LOS VIENTOS Y EL MAR

Leí lo que decía usted el otro día en su blog hablando de las nubes – me dice Conrad paseando por cubierta -, pero sobre los vientos aún no ha escrito usted nada. Fíjese por ejemplo, me añade mirando al horizonte, que el cielo del Tiempo del Oeste se llena de nubes voladoras, ¿las ve ahí arriba?, inmensas nubes blancas que van condensándose más y más hasta que parecen quedar soldadas en un sólido dosel, ante cuya cara gris las bardas más bajas del temporal, delgadas, negras y de fiero aspecto, pasan volando a velocidad de vértigo. El aspecto característico del Tiempo del Oeste, si usted se fija, es el tono cargado, gris, ahumado y siniestro que se impone, circunscribiendo la visión de los hombres, calándoles el cuerpo, oprimiéndoles el alma, dejándoles sin aliento con atronadoras ráfagas, ensordeciéndolos, cegándolos, empujándolos, arrojándolos hacia adelante, en un barco oscilante, contra nuestra costas perdidas en lluvia y brumas.
Siempre que paseamos despacio Conrad y yo por esta cubierta de «El espejo del mar» (Hiperión), me asombra su acento pausado y su mirada fija en cada frase que los dos leemos y que él a su vez me va pronunciando en voz alta. Las cubiertas de los libros son así, alargadas, tranquilas, a veces algo resbaladizas, uno puede pasearse con los autores mientras la obra navega entre lecturas y sólo la voz de Conrad se oye:
-Sólo que ahora – me sigue diciendo el escritor deteniéndose un momento y mirando el mar – el viento es más fuerte, las nubes parecen más densas y más abrumadoras, las olas dan la impresión de haberse hecho más grandes y más amenazantes durante la noche. Las horas, cuyos minutos marca el estruendo de las oleadas rompientes, se deslizan con los ululantes, lacerantes turbiones abatiéndose sobre el barco mientras éste prosigue su avance con la lona ensombrecida, los palos chorreantes y las cuerdas empapadas. De vez en cuando, fíjese usted, la lluvia le cae a uno a chorros sobre la cabeza, como si resbalara desde canalones. Uno boquea, balbucea, está cegado y ensordecido, está sumergido, obliterado, disuelto, aniquilado, chorreando por todas partes como si los miembros también se le hubieran convertido en agua.

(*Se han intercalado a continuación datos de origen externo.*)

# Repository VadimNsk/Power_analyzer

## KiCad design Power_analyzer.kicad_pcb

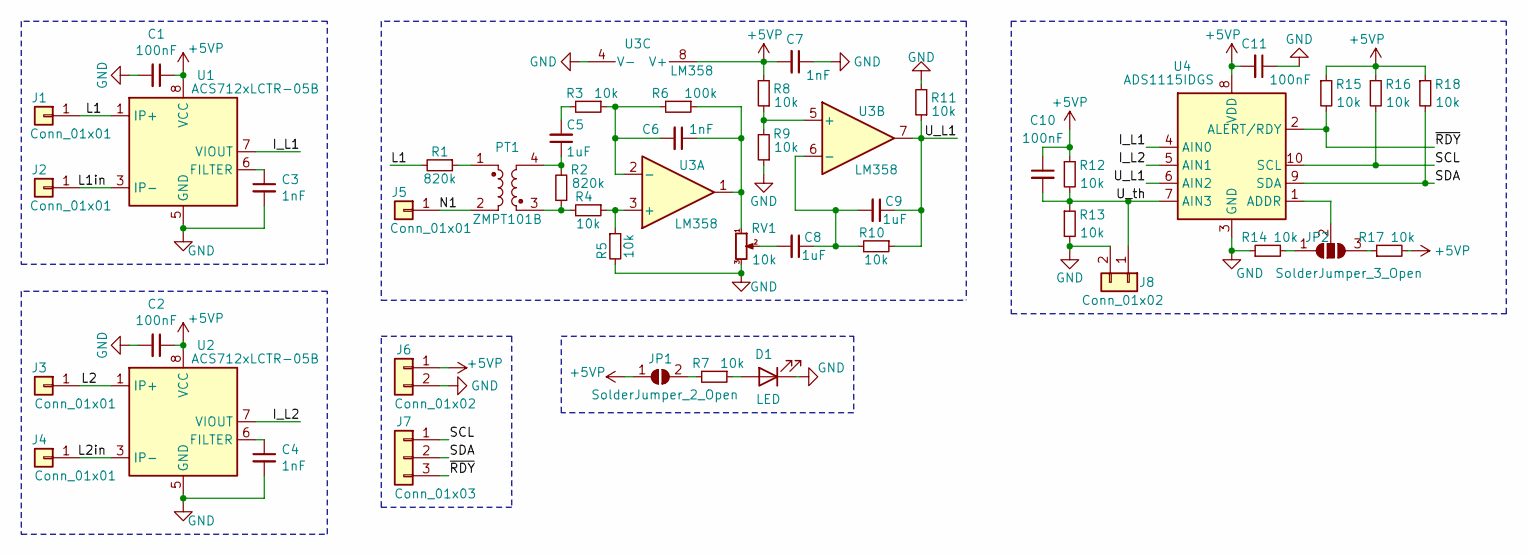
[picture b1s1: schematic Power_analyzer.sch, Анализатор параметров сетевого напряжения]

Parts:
C1, C2, C10, C11: 100nF; C_0603_1608Metric
C3, C4, C6, C7: 1nF; C_0603_1608Metric
C5, C8, C9: 1uF; C_0603_1608Metric
D1: LED; LED_D2.0mm_W4.8mm_H2.5mm_FlatTop
J1, J2, J3, J4, J5: Conn_01x01; PinHeader_1x01_P2.54mm
J6: Conn_01x02; PinHeader_1x02_P2.54mm
J7: Conn_01x03; PinHeader_1x03_P2.54mm
J8: Conn_01x02; JST_EH_B2B-EH-A_1x02_P2.50mm_Vertical
JP1: SolderJumper_2_Open; SolderJumper-2_P1.3mm_Open_RoundedPad1.0x1.5mm
JP2: SolderJumper_3_Open; SolderJumper-3_P2.0mm_Open_TrianglePad1.0x1.5mm
PT1: ZMPT101B; ZMPT101B2
R1: 820k; R_Axial_DIN0309_L9.0mm_D3.2mm_P5.08mm_Vertical
R2: 820k; R_0603_1608Metric
R3, R4, R5, R7, R8, R9, R10, R11, R12, R13, R14, R15, R16, R17, R18: 10k; R_0603_1608Metric
R6: 100k; R_0603_1608Metric
RV1: 10k; Potentiometer_Bourns_3296W_Vertical
U1, U2: ACS712xLCTR-05B; SOIC-8_3.9x4.9mm_P1.27mm
U3: LM358; SOIC-8_3.9x4.9mm_P1.27mm
U4: ADS1115IDGS; TSSOP-10_3x3mm_P0.5mm

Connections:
+5VP: C1.1, C2.1, C7.2, C10.1, C11.2, J6.1, JP1.1 (A), R8.2, R12.1, R15.1, R16.1, R17.2, R18.1, U1.8 (VCC), U2.8 (VCC), U3.8 (V+), U4.8 (VDD)
/I_L1: U1.7 (VIOUT), U4.4 (AIN0)
/I_L2: U2.7 (VIOUT), U4.5 (AIN1)
/L1: J1.1, R1.2, U1.1 (IP+), U1.2 (IP+)
/L1in: J2.1, U1.3 (IP-), U1.4 (IP-)
/L2: J3.1, U2.1 (IP+), U2.2 (IP+)
/L2in: J4.1, U2.3 (IP-), U2.4 (IP-)
/N1: J5.1, PT1.2
/SCL: J7.1, R16.2, U4.10 (SCL)
/SDA: J7.2, R18.2, U4.9 (SDA)
/U_L1: C9.1, R10.1, R11.1, U3.7, U4.6 (AIN2)
/U_th: C10.2, J8.1, R12.2, R13.1, U4.7 (AIN3)
/~RDY: J7.3, R15.2, U4.2 (ALERT/RDY)
GND: C1.2, C2.2, C3.2, C4.2, C7.1, C11.1, D1.1 (K), J6.2, J8.2, R5.2, R9.1, R11.2, R13.2, R14.1, RV1.3, U1.5 (GND), U2.5 (GND), U3.4 (V-), U4.3 (GND)
unnamed: C3.1, U1.6 (FILTER)
unnamed: C4.1, U2.6 (FILTER)
unnamed: C5.1, PT1.4, R2.2
unnamed: C5.2, R3.2
unnamed: C6.1, R6.1, RV1.1, U3.1
unnamed: C6.2, R3.1, R6.2, U3.2 (-)
unnamed: C8.1, C9.2, R10.2, U3.6 (-)
unnamed: C8.2, RV1.2
unnamed: D1.2 (A), R7.1
unnamed: JP1.2 (B), R7.2
unnamed: JP2.1 (A), R14.2
unnamed: JP2.2 (C), U4.1 (ADDR)
unnamed: JP2.3 (B), R17.1
unnamed: PT1.1, R1.1
unnamed: PT1.3, R2.1, R4.2
unnamed: R4.1, R5.1, U3.3 (+)
unnamed: R8.1, R9.2, U3.5 (+)

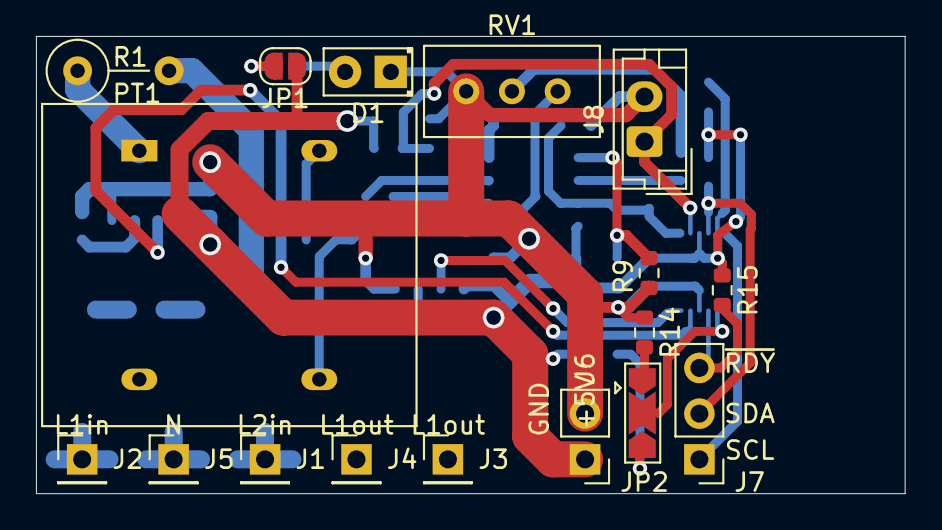
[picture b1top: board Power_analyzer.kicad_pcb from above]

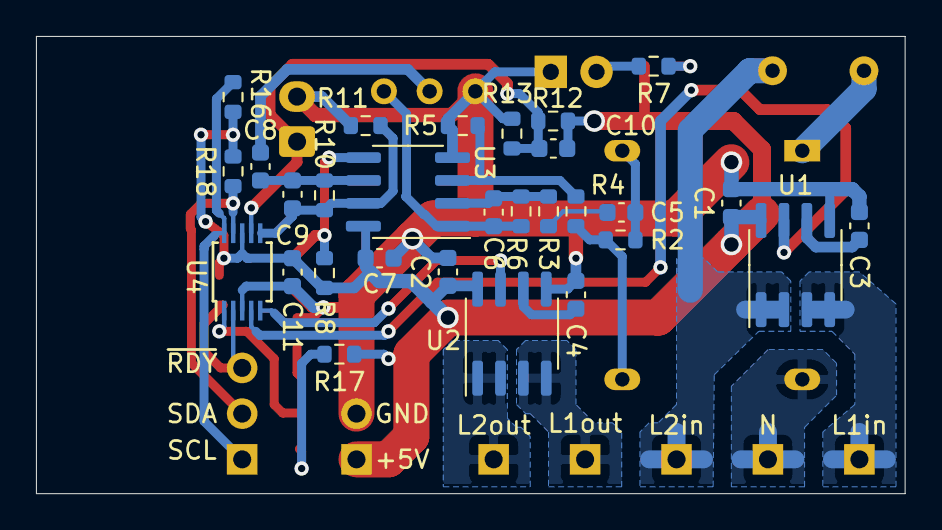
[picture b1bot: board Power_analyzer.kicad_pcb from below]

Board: 2 copper layers, 48.3 x 25.4 mm, 46 parts (29 on the bottom side), 31 nets.

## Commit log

2020-12-04 ????? ????????? ??????? ???????? ??? ?????? ? ??????, ?????? ????????? ?????, ???????? ??? ???? ????? ??????? ? ???????? ????????????? ??? ?????? ????????? ??????? +5?.

Siempre me impresiona su gran estilo pausado, el grosor de sus palabras ponderadas, el arco cuidadoso que envuelve a la frase. No hay prisa en Conrad para escribir ni para describir.
-Débiles, rojizos fogonazos de relámpagos titilan por encima de los topes a la luz de las estrellas – continúa diciéndome -. ¿Los ve? Una ráfaga escalofriante zumba al atravesar las tensas jarcias, haciendo que el barco se estremezca hasta la misma quilla y que los empapados hombres, bajo sus ropas caladas, tiriten hasta los tuétanos en las cubiertas. Antes de que un turbión haya concluido su vuelo para hundirse por la borda de levante, ya asoma el filo de uno nuevo por el horizonte de poniente, surgiendo raudo, informe, como una bolsa negra llena de agua helada a punto de estallar sobre nuestras cabezas entregadas.

Conrad escribió estas páginas en 1904 y no terminó su libro hasta 1906. Fue el respiro que se concedió entre «Nostromo» y «El agente secreto». Es una escritura mansa, sin ninguna precipitación, dejándose llevar por los vientos y el mar como ahora lo hacemos los dos sobre cubierta charlando de cuantas admiraciones recibió esta prosa. La elogiaron Kipling, Galsworthy, H. G. Wells, Arnold Bennett y Henry James. La espuma de las críticas está rozando ahora los costados del barco y el mar de las modas levanta un poquito la grupa, pero luego pasa y va dejando una larga estela blanca.